# Suche flachen CPU Lüfter!



## Semme (26. März 2010)

*Suche flachen CPU Lüfter!*

Hallo,
ich bin auf der suche nach einem flachen und allgemein kleinen Lüfter für ein AMD Phenom II X4 945 (95W).

Unten hab ich mal drei Bilder mit dem "Platzangebot" gemacht. Hab kp wie man die hier einbindet.(bitte antworten )



Also max. 4,5-5cm hoch. Seitlich darf er auch nicht so lang/breit sein. Sockel ist, wie ihr sicher schon erkannt habt, ein AM2+ bzw. AM3er...

Hab schonmal einen rausgesucht: Guckst du flach!

Das Problem: der geht nur bis 65W. Meint ihr das kann man mit einem besseren 80mm Fan rausholen? Ich jetzt auch nicht so der Hardcorezocker, aber so auf ner Lan soll mir der nicht abstürzen oder gar Schlimmeres.

Und bitte keinen Fragen wie: Kauf dir nen anderes Case, bla bla bla. Es bleibt alles so wie es ist! Ich brauche nur einen flachen Lüfter!

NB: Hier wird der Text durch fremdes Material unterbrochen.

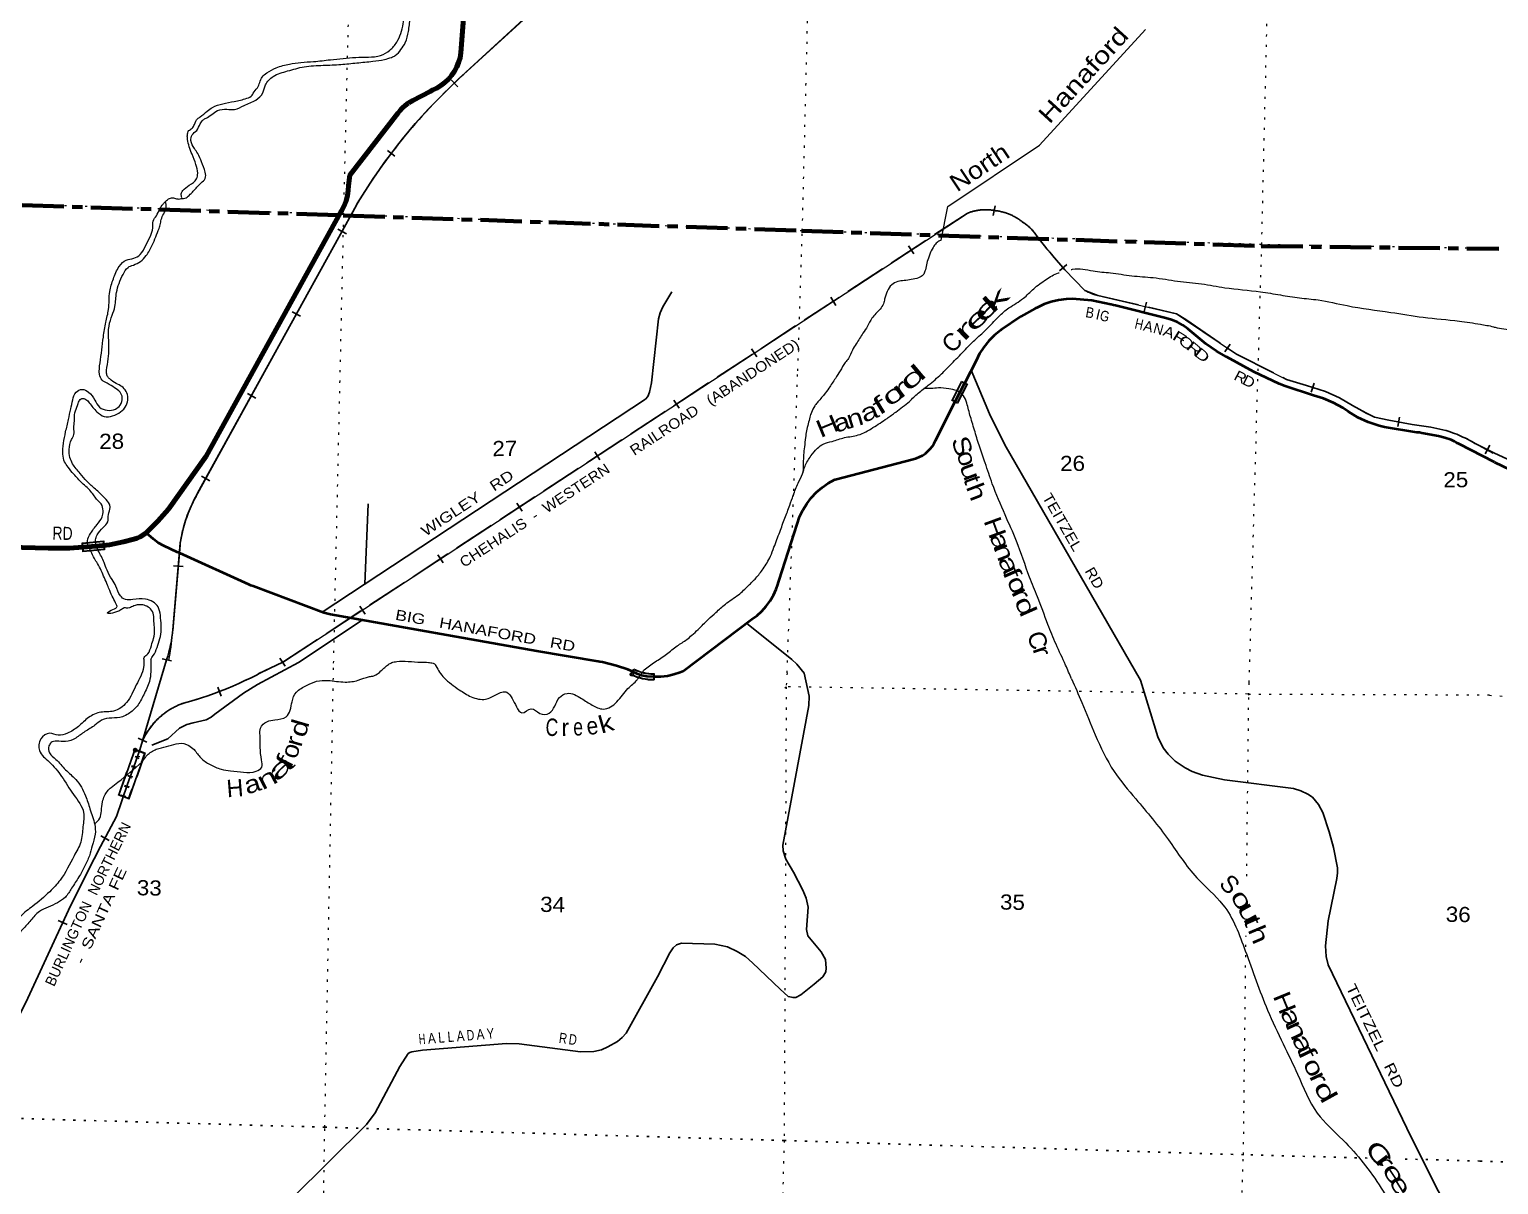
# Model space of a CAD drawing. Header units: feet. Extents: x -518066 to -250644, y -364975 to -177792.
# Drawn here: x -488679 to -471719, y -275739 to -262402 of the extents above; entities that cross this region are included whole.
import ezdxf
from ezdxf.enums import TextEntityAlignment as Align

# ---------------------------------------------------------------- set-up
doc = ezdxf.new("R2010")
doc.units = ezdxf.units.FT
doc.header["$LTSCALE"] = 80
doc.header["$PDMODE"] = 32
doc.header["$PDSIZE"] = 40
for name, pattern in [('DOTTED', [1.5, 0.3, -1.2]), ('LONG_DASH_SHORT_DASH', [9.9, 6, -1.2, 1.5, -1.2]), ('LONG_DASHED', [7.5, 6, -1.5])]:
    doc.linetypes.add(name, pattern=pattern)
for name, color, linetype, lineweight in [('11', 7, 'LONG_DASH_SHORT_DASH', 60), ('17', 7, 'Continuous', 25), ('23', 7, 'Continuous', 70), ('26', 7, 'Continuous', 40), ('29', 7, 'Continuous', 25), ('30', 7, 'Continuous', 13), ('34', 7, 'Continuous', 25), ('39', 7, 'Continuous', 13), ('41', 7, 'Continuous', 13), ('59', 7, 'Continuous', 13), ('6', 7, 'DOTTED', 25), ('61', 7, 'Continuous', 13), ('63', 7, 'Continuous', 25), ('7', 7, 'DOTTED', 13)]:
    doc.layers.add(name, color=color, linetype=linetype, lineweight=lineweight)
doc.layers.add('27', color=7, linetype='Continuous')

msp = doc.modelspace()

# ---------------------------------------------------------------- linework, layer by layer
at = {"layer": '11'}
msp.add_lwpolyline([(-503152.98, -263926.62), (-500945.94, -263988.82), (-495636.76, -264205.23), (-490344.79, -264381.26), (-485056.68, -264549.34), (-479766.78, -264727.7), (-474460.77, -264904.58), (-471717.51, -264935.4)], dxfattribs=at)
at = {"layer": '23'}
for points in [[(-486636.7, -267328.43), (-485087.31, -264517.67), (-485073.6, -264492.79), (-485060.8, -264467.67), (-485045.63, -264437.91), (-485023.61, -264380.53), (-485007.7, -264321.17), (-484998.09, -264260.48), (-484994.9, -264204.77), (-484978.25, -264086.47), (-484420.59, -263365.73), (-484401.19, -263340.66), (-484378.84, -263315.73), (-484372.45, -263308.6), (-484340.45, -263279.66), (-484305.59, -263254.22), (-484302.1, -263252.14), (-484299.9, -263250.83), (-484252.1, -263224.98), (-484054.26, -263117.99), (-484020.32, -263099.64), (-484004.26, -263092.01), (-483977.02, -263079.08), (-483928.59, -263049.52), (-483883.52, -263015.07), (-483842.3, -262976.09), (-483805.37, -262933.01), (-483773.16, -262886.32), (-483745.99, -262836.51), (-483724.19, -262784.13), (-483707.98, -262729.77), (-483697.54, -262674), (-483697.29, -262672.13), (-483630.21, -261772.38)], [(-487352.46, -268229.47), (-487331.03, -268214.79), (-487195.94, -268079.63), (-487073.47, -267942.66), (-486636.7, -267328.43)], [(-488463.4, -268392.27), (-488217.17, -268391.41), (-487907.38, -268369.78), (-487756.09, -268351.76), (-487592.18, -268317.52), (-487471.52, -268286.88), (-487436.37, -268276.3), (-487399.47, -268261.65), (-487367.93, -268242.06), (-487331.03, -268214.79)], [(-491113.02, -269593.43), (-490504.32, -268476.3), (-490399.53, -268406.86), (-490308.61, -268379.57), (-490231.32, -268365.93), (-490117.98, -268361.94), (-489370.48, -268367.96), (-488463.4, -268392.27)]]:
    msp.add_lwpolyline(points, dxfattribs=at)
at = {"layer": '26'}
msp.add_line((-477995.33, -266706.54), (-477882.28, -266484.21), dxfattribs=at)
for points in [[(-471768.31, -267397.16), (-472180.23, -267186.34), (-472205.23, -267173.52), (-472230.23, -267159.65), (-472266.73, -267142.35), (-472338.53, -267116.67), (-472412.61, -267098.65), (-472605.78, -267062.43), (-472630.9, -267057.72), (-472655.78, -267055.06), (-472661.72, -267054.43), (-473037.34, -266992.64), (-473099.57, -266977.06), (-473223.67, -266935.48), (-473342.74, -266881.15), (-473455.49, -266814.67), (-473519.41, -266771.51), (-473626.8, -266711.61), (-473739.86, -266663.26), (-473857.35, -266627), (-474182.64, -266521.44), (-474254.38, -266493.75), (-474544.77, -266354.74), (-474860.52, -266181), (-474977.51, -266115.56), (-475098.41, -266031.07), (-475307.65, -265857.62), (-475364.23, -265818.54), (-475427.2, -265783.98), (-475493.45, -265756.19), (-475562.24, -265735.48), (-476140.91, -265589.97), (-476165.91, -265585.69), (-476190.91, -265579.14), (-476193.95, -265578.34), (-476415.59, -265534.01), (-476640.64, -265513.1), (-476712.82, -265515.56), (-476798.69, -265526.8), (-476882.92, -265546.95), (-476964.58, -265575.79), (-477017.77, -265601.12), (-477042.77, -265613.02), (-477067.77, -265622.98), (-477234.77, -265716.09), (-477460.43, -265871.47), (-477466.67, -265875.95), (-477537.79, -265933.44), (-477602.51, -265998.05), (-477660.12, -266069.07), (-477709.99, -266145.72), (-477751.58, -266227.17), (-477882.28, -266484.21)], [(-481127.47, -269805.74), (-480341.06, -269211.97), (-480279.68, -269167.74), (-480223.26, -269117.35), (-480172.41, -269061.33), (-480127.69, -269000.31), (-480089.6, -268934.94), (-480058.55, -268865.96), (-480039.88, -268809.25), (-480032.34, -268784.43), (-480024.25, -268759.25), (-479816.64, -268113.2), (-479788.1, -268031.36), (-479751.17, -267952.95), (-479706.24, -267878.83), (-479653.81, -267809.81), (-479594.45, -267746.66), (-479528.82, -267690.05), (-479457.63, -267640.61), (-479381.66, -267598.89), (-479379.31, -267597.76), (-478475.83, -267363.86), (-478438.53, -267352.92), (-478402.57, -267338.15), (-478368.36, -267319.69), (-478336.26, -267297.76), (-478306.62, -267272.6), (-478279.79, -267244.47), (-478256.03, -267213.69), (-478235.63, -267180.6), (-478219.9, -267148.17), (-477995.33, -266706.54)], [(-471768.31, -267397.16), (-470224.6, -268137.35)], [(-481769.58, -269792.24), (-481901.14, -269748.15), (-482062.7, -269709.08), (-482092.68, -269701.82), (-482112.7, -269698.5), (-482821.09, -269580.82), (-485203.38, -269155.45), (-485279.36, -269137.72), (-486097.6, -268829.33), (-486122.6, -268821.94), (-486147.6, -268810.58), (-486943.36, -268449.09), (-486974.41, -268438.27), (-487125.71, -268366.18), (-487190.55, -268330.13), (-487248.18, -268286.88), (-487331.03, -268214.79)], [(-481717.78, -269815.32), (-481742.78, -269804.54), (-481769.58, -269792.24)], [(-481717.78, -269815.32), (-481665.25, -269839.45), (-481613.99, -269857.2), (-481552.86, -269869.04), (-481468.03, -269872.21)], [(-481468.03, -269872.21), (-481443.03, -269872.06), (-481390.73, -269871.76), (-481313.91, -269863.24), (-481238.4, -269846.73), (-481165.03, -269822.42), (-481127.47, -269805.74)]]:
    msp.add_lwpolyline(points, dxfattribs=at)
at = {"layer": '29'}
for p, q in [((-484805.71, -268805.27), (-484766.7, -267877.82)), ((-485571.32, -269711.8), (-484836.41, -269220.98))]:
    msp.add_line(p, q, dxfattribs=at)
for points in [[(-485298.96, -269130.33), (-481568.4, -266671.82), (-481539.76, -266641.69), (-481521.58, -266591.65), (-481497.72, -266483.37), (-481417.81, -265744.68), (-481398.83, -265672.91), (-481368.32, -265603.76), (-481263.96, -265432.13)], [(-477807.02, -266336.19), (-477595.26, -266839.62), (-477419.83, -267197.72), (-475854.63, -269916.1)], [(-480400.97, -269257.21), (-479876.57, -269677.03), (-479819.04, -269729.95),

MfG Semme.....by Modfriends


----------



## PIXI (26. März 2010)

*AW: Suche flachen CPU Lüfter!*

hi,
ich habe gerade beim stöbern den "Zalman VF-2000" entdeckt, schau dir den mal an...

gruß PIX


----------



## shoon (26. März 2010)

*AW: Suche flachen CPU Lüfter!*

Mir fällt zurzeit der Scythe Big Shuriken ein, weiss aber jetzt nicht 100%ig, ob er bei dir passt, kannst ihn dir ja mal ansehen.

mfg shoon


----------



## mattinator (26. März 2010)

*AW: Suche flachen CPU Lüfter!*

Vllt. findest Du hier etwas passendes, habe mal die Höhe auf 50 mm begrenzt, um die Auswahl etwas zu vergrößeren: CPU-Kühler Preisvergleich bei Geizhals.at Deutschland . Evtl. hast Du mit den Lüftern noch etwas Spielraum und kannst die Auswahl sogar auf eine Höhe von über 50 mm ausweiten (CPU-Kühler Preisvergleich bei Geizhals.at Deutschland). Da wäre dann, wie schon von shoon genannt, der Shuriken eine gute Wahl.


----------



## Semme (26. März 2010)

*AW: Suche flachen CPU Lüfter!*

Den Zalman VF-2000 hatte ich auch schon entdeckt und finde den eig ganz gut wenn nur nicht die schreckliche blaue Belauchtung da wäre! weiß einer ob man die leds ausschlaten kann oder auf brutale weise raus reissen kann? und reicht der für meinen 945


----------



## Henninges (26. März 2010)

*AW: Suche flachen CPU Lüfter!*

alternativ würde ich ne wakü empfehlen, wenn du die kohle dafür investiern möchtest...allerdings weiss ich nicht wie klein dein case ist...


----------



## PIXI (26. März 2010)

*AW: Suche flachen CPU Lüfter!*

^^super idee
@te: wie siehts vom platz her für einen "corsair h50" aus?

gruß PIX


----------



## Henninges (26. März 2010)

*AW: Suche flachen CPU Lüfter!*

nja,...hauptsache er hat platz für einen 120er lüffi...wenn nicht, ist essig mit dem h50...


----------



## PIXI (26. März 2010)

*AW: Suche flachen CPU Lüfter!*

^^jop da muss er halt mal nachschauen...

vielleicht würde auch sowas hier gehen...
heise online-Preisvergleich: SilverStone Nitrogon NT01-E Evolution (Sockel 775/1156/1366/754/939/940/AM2/AM2+/AM3) / Deutschland

gruß PIX


----------



## Chris_ (26. März 2010)

*AW: Suche flachen CPU Lüfter!*

Caseking.de » CPU-Kühler » Sockel AM2/AM3 (AMD) » Arctic Cooling » Arctic Cooling CPU-Kühler Alpine 64 GT


----------



## Henninges (26. März 2010)

*AW: Suche flachen CPU Lüfter!*

der ist aber 65mm hoch...


----------



## Semme (26. März 2010)

*AW: Suche flachen CPU Lüfter!*

hmm für ne wäku hab  ich auch kein platz. da müsste dann ja nen radiator und ne pumpe rein...zu groß.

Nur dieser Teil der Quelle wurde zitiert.